*Your instructions*: Your answer should consist only of the lines below from the one with "#28=CIRCLE('',#27,10.);" through the one with "#69=ADVANCED_FACE('F95',(#34,#68),#23,.T.);", copied exactly.

[Records from a data source]
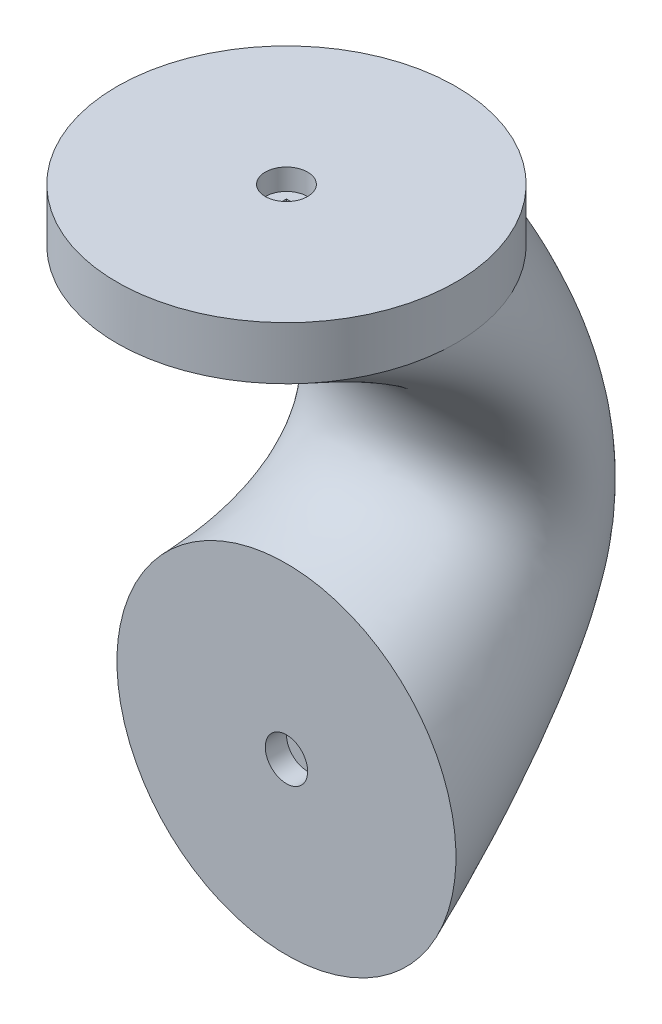
ISO-10303-21;
HEADER;
FILE_DESCRIPTION(('STEP AP214'),'2;1');
FILE_NAME('part.step','',(''),(''),'','','');
FILE_SCHEMA(('AUTOMOTIVE_DESIGN { 1 0 10303 214 1 1 1 1 }'));
ENDSEC;
DATA;
#1=APPLICATION_CONTEXT('core data for automotive mechanical design processes');
#2=APPLICATION_PROTOCOL_DEFINITION('international standard','automotive_design',2000,#1);
#3=PRODUCT_CONTEXT('',#1,'mechanical');
#4=PRODUCT('Part','Part','',(#3));
#5=PRODUCT_RELATED_PRODUCT_CATEGORY('part','',(#4));
#6=PRODUCT_DEFINITION_FORMATION('','',#4);
#7=PRODUCT_DEFINITION_CONTEXT('part definition',#1,'design');
#8=PRODUCT_DEFINITION('design','',#6,#7);
#9=PRODUCT_DEFINITION_SHAPE('','',#8);
#10=(LENGTH_UNIT() NAMED_UNIT(*) SI_UNIT(.MILLI.,.METRE.));
#11=(NAMED_UNIT(*) PLANE_ANGLE_UNIT() SI_UNIT($,.RADIAN.));
#12=(NAMED_UNIT(*) SI_UNIT($,.STERADIAN.) SOLID_ANGLE_UNIT());
#13=UNCERTAINTY_MEASURE_WITH_UNIT(LENGTH_MEASURE(1.E-05),#10,'distance_accuracy_value','');
#14=(GEOMETRIC_REPRESENTATION_CONTEXT(3) GLOBAL_UNCERTAINTY_ASSIGNED_CONTEXT((#13)) GLOBAL_UNIT_ASSIGNED_CONTEXT((#10,
#11,#12)) REPRESENTATION_CONTEXT('',''));
#15=CARTESIAN_POINT('',(0.,0.,0.));
#16=DIRECTION('',(0.,0.,1.));
#17=DIRECTION('',(1.,0.,0.));
#18=AXIS2_PLACEMENT_3D('',#15,#16,#17);
#19=CARTESIAN_POINT('',(0.,225.,-2.35228503342455E-12));
#20=DIRECTION('',(0.,1.,0.));
#21=DIRECTION('',(-1.,0.,0.));
#22=AXIS2_PLACEMENT_3D('',#19,#20,#21);
#23=PLANE('',#22);
#24=CARTESIAN_POINT('',(0.,225.,-2.35228503342455E-12));
#25=DIRECTION('',(0.,1.,0.));
#26=DIRECTION('',(-1.,0.,0.));
#27=AXIS2_PLACEMENT_3D('',#24,#25,#26);
#28=CIRCLE('',#27,10.);
#29=CARTESIAN_POINT('',(-10.,225.,-2.35228503342455E-12));
#30=VERTEX_POINT('',#29);
#31=EDGE_CURVE('E190',#30,#30,#28,.T.);
#32=ORIENTED_EDGE('',*,*,#31,.T.);
#33=EDGE_LOOP('',(#32));
#34=FACE_BOUND('',#33,.T.);
#35=DIRECTION('',(1.,0.,0.));
#36=VECTOR('',#35,1.);
#37=CARTESIAN_POINT('',(0.,224.999999999999,-4.));
#38=LINE('',#37,#36);
#39=CARTESIAN_POINT('',(-4.,224.999999999999,-4.));
#40=VERTEX_POINT('',#39);
#41=CARTESIAN_POINT('',(4.,224.999999999999,-4.));
#42=VERTEX_POINT('',#41);
#43=EDGE_CURVE('E176',#40,#42,#38,.T.);
#44=ORIENTED_EDGE('',*,*,#43,.T.);
#45=DIRECTION('',(0.,0.,1.));
#46=VECTOR('',#45,1.);
#47=CARTESIAN_POINT('',(4.,225.,-2.35271871429354E-12));
#48=LINE('',#47,#46);
#49=CARTESIAN_POINT('',(4.,225.,4.));
#50=VERTEX_POINT('',#49);
#51=EDGE_CURVE('E170',#42,#50,#48,.T.);
#52=ORIENTED_EDGE('',*,*,#51,.T.);
#53=DIRECTION('',(-1.,0.,0.));
#54=VECTOR('',#53,1.);
#55=CARTESIAN_POINT('',(0.,225.,4.));
#56=LINE('',#55,#54);
#57=CARTESIAN_POINT('',(-4.,225.,4.));
#58=VERTEX_POINT('',#57);
#59=EDGE_CURVE('E171',#50,#58,#56,.T.);
#60=ORIENTED_EDGE('',*,*,#59,.T.);
#61=DIRECTION('',(0.,0.,-1.));
#62=VECTOR('',#61,1.);
#63=CARTESIAN_POINT('',(-4.,225.,-2.35141767168656E-12));
#64=LINE('',#63,#62);
#65=EDGE_CURVE('E111',#58,#40,#64,.T.);
#66=ORIENTED_EDGE('',*,*,#65,.T.);
#67=EDGE_LOOP('',(#44,#52,#60,#66));
#68=FACE_BOUND('',#67,.T.);
#69=ADVANCED_FACE('F95',(#34,#68),#23,.T.);
#70=CARTESIAN_POINT('',(0.,-4.46733336276805E-13,0.));
#71=DIRECTION('',(0.,0.,1.));
#72=DIRECTION('',(0.,-1.,0.));
#73=AXIS2_PLACEMENT_3D('',#70,#71,#72);
#74=PLANE('',#73);
#75=CARTESIAN_POINT('',(0.,-4.46733336276805E-13,0.));
#76=DIRECTION('',(0.,0.,1.));
#77=DIRECTION('',(0.,-1.,0.));
#78=AXIS2_PLACEMENT_3D('',#75,#76,#77);
#79=CIRCLE('',#78,10.);
#80=CARTESIAN_POINT('',(0.,-10.0000000000005,1.11683334069201E-13));
#81=VERTEX_POINT('',#80);
#82=EDGE_CURVE('E244',#81,#81,#79,.T.);
#83=ORIENTED_EDGE('',*,*,#82,.F.);
#84=EDGE_LOOP('',(#83));
#85=FACE_BOUND('',#84,.T.);
#86=CARTESIAN_POINT('',(-78.4955339615384,15.4418634915919,-1.56125112837913E-13));
#87=CARTESIAN_POINT('',(-78.2907679151548,16.4827495321157,-1.66533453693773E-13));
#88=CARTESIAN_POINT('',(-77.8407206554618,18.5521313295571,-1.87350135405495E-13));
#89=CARTESIAN_POINT('',(-77.0461181703535,21.6160053611403,-2.22044604925031E-13));
#90=CARTESIAN_POINT('',(-76.1339979948852,24.6366529143849,-2.4980018054066E-13));
#91=CARTESIAN_POINT('',(-69.9682542311678,42.4830124812616,-4.37150315946155E-13));
#92=CARTESIAN_POINT('',(-58.6786225704238,56.9641528622484,-5.89805981832114E-13));
#93=CARTESIAN_POINT('',(-26.9694972149722,78.2482931009689,-8.11850586757146E-13));
#94=CARTESIAN_POINT('',(-5.37585731888476,82.5908548892098,-8.60422844084496E-13));
#95=CARTESIAN_POINT('',(36.2595843020694,74.400213033866,-7.70217223333702E-13));
#96=CARTESIAN_POINT('',(54.59924839128,62.201858721029,-6.45317133063372E-13));
#97=CARTESIAN_POINT('',(78.2482931009694,26.9694972149717,-2.77555756156289E-13));
#98=CARTESIAN_POINT('',(82.5908548892102,5.37585731888426,0.));
#99=CARTESIAN_POINT('',(74.4002130338665,-36.2595843020699,3.88578058618805E-13));
#100=CARTESIAN_POINT('',(62.2018587210295,-54.5992483912805,5.759281940243E-13));
#101=CARTESIAN_POINT('',(26.9694972149722,-78.2482931009698,8.2572837456496E-13));
#102=CARTESIAN_POINT('',(5.37585731888471,-82.5908548892107,8.74300631892311E-13));
#103=CARTESIAN_POINT('',(-36.2595843020695,-74.400213033867,7.84095011141517E-13));
#104=CARTESIAN_POINT('',(-54.59924839128,-62.2018587210299,6.59194920871187E-13));
#105=CARTESIAN_POINT('',(-75.8833886300005,-30.4927333655783,3.2612801348364E-13));
#106=CARTESIAN_POINT('',(-80.8464994463279,-12.814307508224,1.38777878078145E-13));
#107=CARTESIAN_POINT('',(-79.7928337689043,6.03771452099855,0.));
#108=CARTESIAN_POINT('',(-79.4928054067643,9.17877450726598,0.));
#109=CARTESIAN_POINT('',(-79.0676426871096,12.3153257745923,-1.2490009027033E-13));
#110=CARTESIAN_POINT('',(-78.700300007922,14.400977451068,-1.45716771982052E-13));
#111=CARTESIAN_POINT('',(-78.4955339615384,15.4418634915919,-1.56125112837913E-13));
#112=B_SPLINE_CURVE_WITH_KNOTS('',3,(#86,#87,#88,#89,#90,#91,#92,#93,#94,#95,#96,#97,#98,#99,
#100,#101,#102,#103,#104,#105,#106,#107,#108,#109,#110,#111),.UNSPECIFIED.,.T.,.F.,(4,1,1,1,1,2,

*Task output*:
#28=CIRCLE('',#27,10.);
#29=CARTESIAN_POINT('',(-10.,225.,-2.35228503342455E-12));
#30=VERTEX_POINT('',#29);
#31=EDGE_CURVE('E190',#30,#30,#28,.T.);
#32=ORIENTED_EDGE('',*,*,#31,.T.);
#33=EDGE_LOOP('',(#32));
#34=FACE_BOUND('',#33,.T.);
#35=DIRECTION('',(1.,0.,0.));
#36=VECTOR('',#35,1.);
#37=CARTESIAN_POINT('',(0.,224.999999999999,-4.));
#38=LINE('',#37,#36);
#39=CARTESIAN_POINT('',(-4.,224.999999999999,-4.));
#40=VERTEX_POINT('',#39);
#41=CARTESIAN_POINT('',(4.,224.999999999999,-4.));
#42=VERTEX_POINT('',#41);
#43=EDGE_CURVE('E176',#40,#42,#38,.T.);
#44=ORIENTED_EDGE('',*,*,#43,.T.);
#45=DIRECTION('',(0.,0.,1.));
#46=VECTOR('',#45,1.);
#47=CARTESIAN_POINT('',(4.,225.,-2.35271871429354E-12));
#48=LINE('',#47,#46);
#49=CARTESIAN_POINT('',(4.,225.,4.));
#50=VERTEX_POINT('',#49);
#51=EDGE_CURVE('E170',#42,#50,#48,.T.);
#52=ORIENTED_EDGE('',*,*,#51,.T.);
#53=DIRECTION('',(-1.,0.,0.));
#54=VECTOR('',#53,1.);
#55=CARTESIAN_POINT('',(0.,225.,4.));
#56=LINE('',#55,#54);
#57=CARTESIAN_POINT('',(-4.,225.,4.));
#58=VERTEX_POINT('',#57);
#59=EDGE_CURVE('E171',#50,#58,#56,.T.);
#60=ORIENTED_EDGE('',*,*,#59,.T.);
#61=DIRECTION('',(0.,0.,-1.));
#62=VECTOR('',#61,1.);
#63=CARTESIAN_POINT('',(-4.,225.,-2.35141767168656E-12));
#64=LINE('',#63,#62);
#65=EDGE_CURVE('E111',#58,#40,#64,.T.);
#66=ORIENTED_EDGE('',*,*,#65,.T.);
#67=EDGE_LOOP('',(#44,#52,#60,#66));
#68=FACE_BOUND('',#67,.T.);
#69=ADVANCED_FACE('F95',(#34,#68),#23,.T.);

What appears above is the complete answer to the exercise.